Welp, it's been a couple weeks, and here's an update.
My sister did not toss me out in the cold. We spent the night, masks or no masks, and everyone lived.
We drove to one hotel on the way. They had a big unfriendly (you're supposed to be the hospitality business for chrissake) sign telling us that people who didn't wear a mask would be asked to leave. But we were checked in, paid money, and such, so in the three hotels (one there, two back) we eventually stayed at none of them walked up to me and told me to leave. I was there because I had to sleep, I didn't want to make trouble, but I had to stand up for what I felt was right or lose the right to stay there. All the same, I was prepared with blankets and such if thet did tell me that despite us paying money, I wasn't welcome (that's theft btw). We gutted it out, and made it to Texas. At Texas, for the most part we stayed in so it wasn't a problem. Then they wanted to go to a restaurant. I stayed in the car. My dad eventually joined me after he had one too many nags from his wife about wearing them on the way to the restaurant. But I did eventually have to pee (we both did), and lacking any outdoor facilities, it was a choice between maybe being arrested for entering with no mask, and definitely being arrested for urinating/defecating like an animal. A few days later, they took us to an outdoor restaurant (why?) but told me to wear a mask in order to enter, even though I was outdoors and would take one off to eat. I refused and he got all mad but I just shrugged it off and walked about two feet to sit down at a table where everyone took their mask off anyway.

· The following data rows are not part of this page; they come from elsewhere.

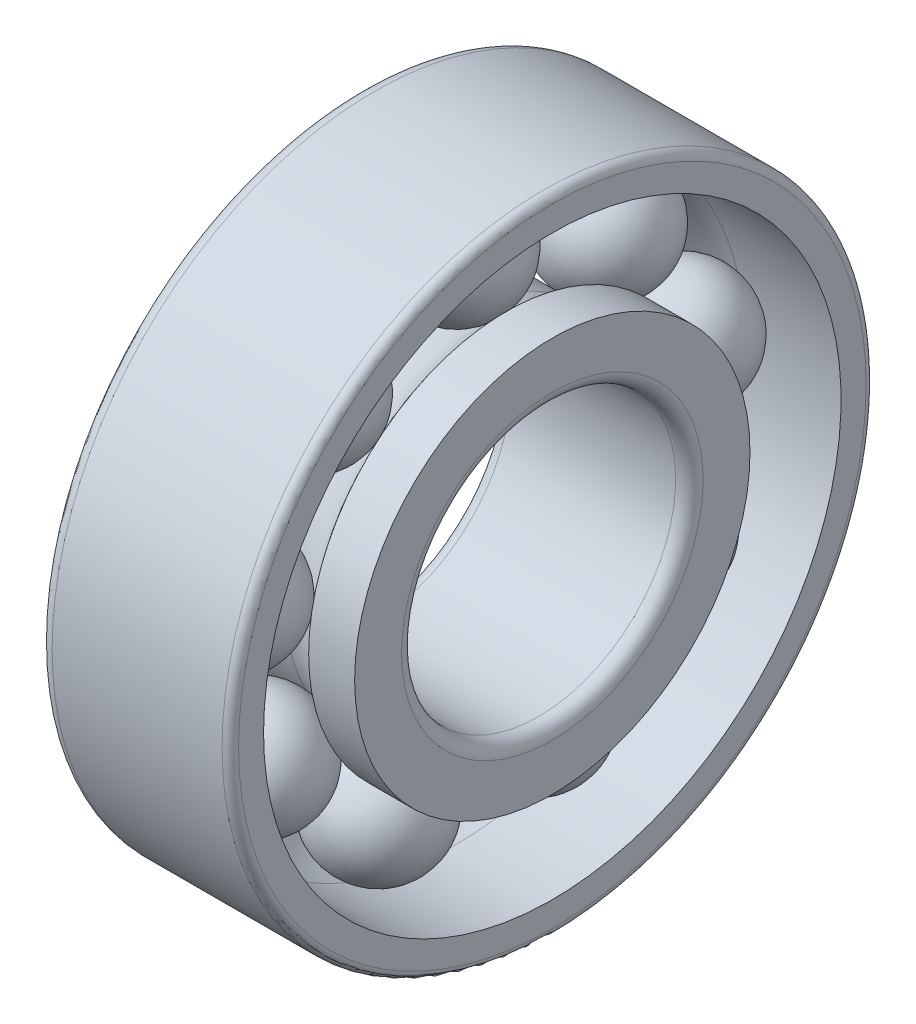
ISO-10303-21;
HEADER;
FILE_DESCRIPTION(('STEP AP214'),'2;1');
FILE_NAME('part.step','',(''),(''),'','','');
FILE_SCHEMA(('AUTOMOTIVE_DESIGN { 1 0 10303 214 1 1 1 1 }'));
ENDSEC;
DATA;
#1=APPLICATION_CONTEXT('core data for automotive mechanical design processes');
#2=APPLICATION_PROTOCOL_DEFINITION('international standard','automotive_design',2000,#1);
#3=PRODUCT_CONTEXT('',#1,'mechanical');
#4=PRODUCT('Part','Part','',(#3));
#5=PRODUCT_RELATED_PRODUCT_CATEGORY('part','',(#4));
#6=PRODUCT_DEFINITION_FORMATION('','',#4);
#7=PRODUCT_DEFINITION_CONTEXT('part definition',#1,'design');
#8=PRODUCT_DEFINITION('design','',#6,#7);
#9=PRODUCT_DEFINITION_SHAPE('','',#8);
#10=(LENGTH_UNIT() NAMED_UNIT(*) SI_UNIT(.MILLI.,.METRE.));
#11=(NAMED_UNIT(*) PLANE_ANGLE_UNIT() SI_UNIT($,.RADIAN.));
#12=(NAMED_UNIT(*) SI_UNIT($,.STERADIAN.) SOLID_ANGLE_UNIT());
#13=UNCERTAINTY_MEASURE_WITH_UNIT(LENGTH_MEASURE(1.E-05),#10,'distance_accuracy_value','');
#14=(GEOMETRIC_REPRESENTATION_CONTEXT(3) GLOBAL_UNCERTAINTY_ASSIGNED_CONTEXT((#13)) GLOBAL_UNIT_ASSIGNED_CONTEXT((#10,
#11,#12)) REPRESENTATION_CONTEXT('',''));
#15=CARTESIAN_POINT('',(0.,0.,0.));
#16=DIRECTION('',(0.,0.,1.));
#17=DIRECTION('',(1.,0.,0.));
#18=AXIS2_PLACEMENT_3D('',#15,#16,#17);
#19=CARTESIAN_POINT('',(-7.00000000000001,23.5,0.));
#20=DIRECTION('',(1.,0.,0.));
#21=DIRECTION('',(0.,0.,-1.));
#22=AXIS2_PLACEMENT_3D('',#19,#20,#21);
#23=PLANE('',#22);
#24=CARTESIAN_POINT('',(-7.00000000000001,0.,0.));
#25=DIRECTION('',(1.,0.,0.));
#26=DIRECTION('',(0.,0.,-1.));
#27=AXIS2_PLACEMENT_3D('',#24,#25,#26);
#28=CIRCLE('',#27,22.5);
#29=CARTESIAN_POINT('',(-7.00000000000001,0.,-22.5));
#30=VERTEX_POINT('',#29);
#31=EDGE_CURVE('P0_E20',#30,#30,#28,.F.);
#32=ORIENTED_EDGE('',*,*,#31,.T.);
#33=EDGE_LOOP('',(#32));
#34=FACE_BOUND('',#33,.T.);
#35=CARTESIAN_POINT('',(-7.00000000000001,0.,0.));
#36=DIRECTION('',(-1.,0.,0.));
#37=DIRECTION('',(0.,0.,1.));
#38=AXIS2_PLACEMENT_3D('',#35,#36,#37);
#39=CIRCLE('',#38,19.074);
#40=CARTESIAN_POINT('',(-7.00000000000001,0.,19.074));
#41=VERTEX_POINT('',#40);
#42=EDGE_CURVE('P0_E33',#41,#41,#39,.T.);
#43=ORIENTED_EDGE('',*,*,#42,.F.);
#44=EDGE_LOOP('',(#43));
#45=FACE_BOUND('',#44,.T.);
#46=ADVANCED_FACE('P0_F14',(#34,#45),#23,.F.);
#47=CARTESIAN_POINT('',(0.,0.,0.));
#48=DIRECTION('',(-1.,0.,0.));
#49=DIRECTION('',(0.,0.,1.));
#50=AXIS2_PLACEMENT_3D('',#47,#48,#49);
#51=CYLINDRICAL_SURFACE('',#50,19.074);
#52=CARTESIAN_POINT('',(-3.64399615806603,0.,0.));
#53=DIRECTION('',(-1.,0.,0.));
#54=DIRECTION('',(0.,0.,1.));
#55=AXIS2_PLACEMENT_3D('',#52,#53,#54);
#56=CIRCLE('',#55,19.074);
#57=CARTESIAN_POINT('',(-3.64399615806603,0.,19.074));
#58=VERTEX_POINT('',#57);
#59=EDGE_CURVE('P0_E36',#58,#58,#56,.T.);
#60=ORIENTED_EDGE('',*,*,#59,.F.);
#61=EDGE_LOOP('',(#60));
#62=FACE_BOUND('',#61,.T.);
#63=ORIENTED_EDGE('',*,*,#42,.T.);
#64=EDGE_LOOP('',(#63));
#65=FACE_BOUND('',#64,.T.);
#66=ADVANCED_FACE('P0_F57',(#62,#65),#51,.F.);
#67=CARTESIAN_POINT('',(0.,0.,0.));
#68=DIRECTION('',(-1.,0.,0.));
#69=DIRECTION('',(0.,0.,1.));
#70=AXIS2_PLACEMENT_3D('',#67,#68,#69);
#71=TOROIDAL_SURFACE('',#70,16.75,4.322);
#72=CARTESIAN_POINT('',(0.,0.,0.));
#73=DIRECTION('',(-1.,0.,0.));
#74=DIRECTION('',(0.,0.,1.));
#75=AXIS2_PLACEMENT_3D('',#72,#73,#74);
#76=CIRCLE('',#75,21.072);
#77=CARTESIAN_POINT('',(0.,0.,21.072));
#78=VERTEX_POINT('',#77);
#79=EDGE_CURVE('P0_E39',#78,#78,#76,.T.);
#80=ORIENTED_EDGE('',*,*,#79,.F.);
#81=EDGE_LOOP('',(#80));
#82=FACE_BOUND('',#81,.T.);
#83=ORIENTED_EDGE('',*,*,#59,.T.);
#84=EDGE_LOOP('',(#83));
#85=FACE_BOUND('',#84,.T.);
#86=ADVANCED_FACE('P0_F51',(#82,#85),#71,.F.);
#87=CARTESIAN_POINT('',(0.,0.,0.));
#88=DIRECTION('',(-1.,0.,0.));
#89=DIRECTION('',(0.,0.,1.));
#90=AXIS2_PLACEMENT_3D('',#87,#88,#89);
#91=CYLINDRICAL_SURFACE('',#90,21.072);
#92=CARTESIAN_POINT('',(7.00000000000001,0.,0.));
#93=DIRECTION('',(-1.,0.,0.));
#94=DIRECTION('',(0.,0.,1.));
#95=AXIS2_PLACEMENT_3D('',#92,#93,#94);
#96=CIRCLE('',#95,21.072);
#97=CARTESIAN_POINT('',(7.00000000000001,0.,21.072));
#98=VERTEX_POINT('',#97);
#99=EDGE_CURVE('P0_E42',#98,#98,#96,.T.);
#100=ORIENTED_EDGE('',*,*,#99,.F.);
#101=EDGE_LOOP('',(#100));
#102=FACE_BOUND('',#101,.T.);
#103=ORIENTED_EDGE('',*,*,#79,.T.);
#104=EDGE_LOOP('',(#103));
#105=FACE_BOUND('',#104,.T.);
#106=ADVANCED_FACE('P0_F48',(#102,#105),#91,.F.);
#107=CARTESIAN_POINT('',(7.00000000000001,23.5,0.));
#108=DIRECTION('',(-1.,0.,0.));
#109=DIRECTION('',(0.,0.,1.));
#110=AXIS2_PLACEMENT_3D('',#107,#108,#109);
#111=PLANE('',#110);
#112=CARTESIAN_POINT('',(7.00000000000001,0.,0.));
#113=DIRECTION('',(-1.,0.,0.));
#114=DIRECTION('',(0.,0.,1.));
#115=AXIS2_PLACEMENT_3D('',#112,#113,#114);
#116=CIRCLE('',#115,22.9);
#117=CARTESIAN_POINT('',(7.00000000000001,0.,22.9));
#118=VERTEX_POINT('',#117);
#119=EDGE_CURVE('P0_E24',#118,#118,#116,.F.);
#120=ORIENTED_EDGE('',*,*,#119,.T.);
#121=EDGE_LOOP('',(#120));
#122=FACE_BOUND('',#121,.T.);
#123=ORIENTED_EDGE('',*,*,#99,.T.);
#124=EDGE_LOOP('',(#123));
#125=FACE_BOUND('',#124,.T.);
#126=ADVANCED_FACE('P0_F46',(#122,#125),#111,.F.);
#127=CARTESIAN_POINT('',(0.,0.,0.));
#128=DIRECTION('',(-1.,0.,0.));
#129=DIRECTION('',(0.,0.,1.));
#130=AXIS2_PLACEMENT_3D('',#127,#128,#129);
#131=CYLINDRICAL_SURFACE('',#130,23.5);
#132=CARTESIAN_POINT('',(-6.00000000000001,0.,0.));
#133=DIRECTION('',(1.,0.,0.));
#134=DIRECTION('',(0.,0.,-1.));
#135=AXIS2_PLACEMENT_3D('',#132,#133,#134);
#136=CIRCLE('',#135,23.5);
#137=CARTESIAN_POINT('',(-6.00000000000001,0.,-23.5));
#138=VERTEX_POINT('',#137);
#139=EDGE_CURVE('P0_E10',#138,#138,#136,.T.);
#140=ORIENTED_EDGE('',*,*,#139,.T.);
#141=EDGE_LOOP('',(#140));
#142=FACE_BOUND('',#141,.T.);
#143=CARTESIAN_POINT('',(6.4,0.,0.));
#144=DIRECTION('',(-1.,0.,0.));
#145=DIRECTION('',(0.,0.,1.));
#146=AXIS2_PLACEMENT_3D('',#143,#144,#145);
#147=CIRCLE('',#146,23.5);
#148=CARTESIAN_POINT('',(6.4,0.,23.5));
#149=VERTEX_POINT('',#148);
#150=EDGE_CURVE('P0_E28',#149,#149,#147,.T.);
#151=ORIENTED_EDGE('',*,*,#150,.T.);
#152=EDGE_LOOP('',(#151));
#153=FACE_BOUND('',#152,.T.);
#154=ADVANCED_FACE('P0_F93',(#142,#153),#131,.T.);
#155=CARTESIAN_POINT('',(6.4,0.,0.));
#156=DIRECTION('',(-1.,0.,0.));
#157=DIRECTION('',(0.,0.,1.));
#158=AXIS2_PLACEMENT_3D('',#155,#156,#157);
#159=TOROIDAL_SURFACE('',#158,22.9,0.6);
#160=ORIENTED_EDGE('',*,*,#119,.F.);
#161=EDGE_LOOP('',(#160));
#162=FACE_BOUND('',#161,.T.);
#163=ORIENTED_EDGE('',*,*,#150,.F.);
#164=EDGE_LOOP('',(#163));
#165=FACE_BOUND('',#164,.T.);
#166=ADVANCED_FACE('P0_F102',(#162,#165),#159,.T.);
#167=CARTESIAN_POINT('',(-6.00000000000001,0.,0.));
#168=DIRECTION('',(1.,0.,0.));
#169=DIRECTION('',(0.,0.,-1.));
#170=AXIS2_PLACEMENT_3D('',#167,#168,#169);
#171=TOROIDAL_SURFACE('',#170,22.5,1.);
#172=ORIENTED_EDGE('',*,*,#139,.F.);
#173=EDGE_LOOP('',(#172));
#174=FACE_BOUND('',#173,.T.);
#175=ORIENTED_EDGE('',*,*,#31,.F.);
#176=EDGE_LOOP('',(#175));
#177=FACE_BOUND('',#176,.T.);
#178=ADVANCED_FACE('P0_F110',(#174,#177),#171,.T.);
#179=CLOSED_SHELL('',(#46,#66,#86,#106,#126,#154,#166,#178));
#180=MANIFOLD_SOLID_BREP('P0_B1',#179);
#181=CARTESIAN_POINT('',(0.,0.,0.));
#182=DIRECTION('',(-1.,0.,0.));
#183=DIRECTION('',(0.,0.,1.));
#184=AXIS2_PLACEMENT_3D('',#181,#182,#183);
#185=CYLINDRICAL_SURFACE('',#184,10.);
#186=CARTESIAN_POINT('',(-6.00000000000001,0.,0.));
#187=DIRECTION('',(1.,0.,0.));
#188=DIRECTION('',(0.,0.,-1.));
#189=AXIS2_PLACEMENT_3D('',#186,#187,#188);
#190=CIRCLE('',#189,10.);
#191=CARTESIAN_POINT('',(-6.00000000000001,0.,-10.));
#192=VERTEX_POINT('',#191);
#193=EDGE_CURVE('P1_E24',#192,#192,#190,.F.);
#194=ORIENTED_EDGE('',*,*,#193,.T.);
#195=EDGE_LOOP('',(#194));
#196=FACE_BOUND('',#195,.T.);
#197=CARTESIAN_POINT('',(6.00000000000001,0.,0.));
#198=DIRECTION('',(-1.,0.,0.));
#199=DIRECTION('',(0.,0.,1.));
#200=AXIS2_PLACEMENT_3D('',#197,#198,#199);
#201=CIRCLE('',#200,10.);
#202=CARTESIAN_POINT('',(6.00000000000001,0.,10.));
#203=VERTEX_POINT('',#202);
#204=EDGE_CURVE('P1_E28',#203,#203,#201,.F.);
#205=ORIENTED_EDGE('',*,*,#204,.T.);
#206=EDGE_LOOP('',(#205));
#207=FACE_BOUND('',#206,.T.);
#208=ADVANCED_FACE('P1_F14',(#196,#207),#185,.F.);
#209=CARTESIAN_POINT('',(7.00000000000001,14.426,0.));
#210=DIRECTION('',(-1.,0.,0.));
#211=DIRECTION('',(0.,0.,1.));
#212=AXIS2_PLACEMENT_3D('',#209,#210,#211);
#213=PLANE('',#212);
#214=CARTESIAN_POINT('',(7.00000000000001,0.,0.));
#215=DIRECTION('',(-1.,0.,0.));
#216=DIRECTION('',(0.,0.,1.));
#217=AXIS2_PLACEMENT_3D('',#214,#215,#216);
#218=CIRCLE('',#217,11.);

This is what this has been like. Had I followed rules completely, I would be denied the right to a bathroom, a hotel, and to eat with my family. But neither have I been pushing any envelopes. It's just that I expect nothing, not good hygiene, not any kind of medicine, not masks, not vaccines to be enough to get rid of this thing. Because this is really about fear. I'm afraid, you're afraid. But I understand that nothing I do will be enough, and that I can expect only to be forced into a corner. Cases rise near holidays and elections, and would do so, even idf I obeyed all rules (other people wouldn't). We might get sick, we might even die. But right now, I can't think death would be worse. And they're cancelling church services in my state. Foe Christmas Eve.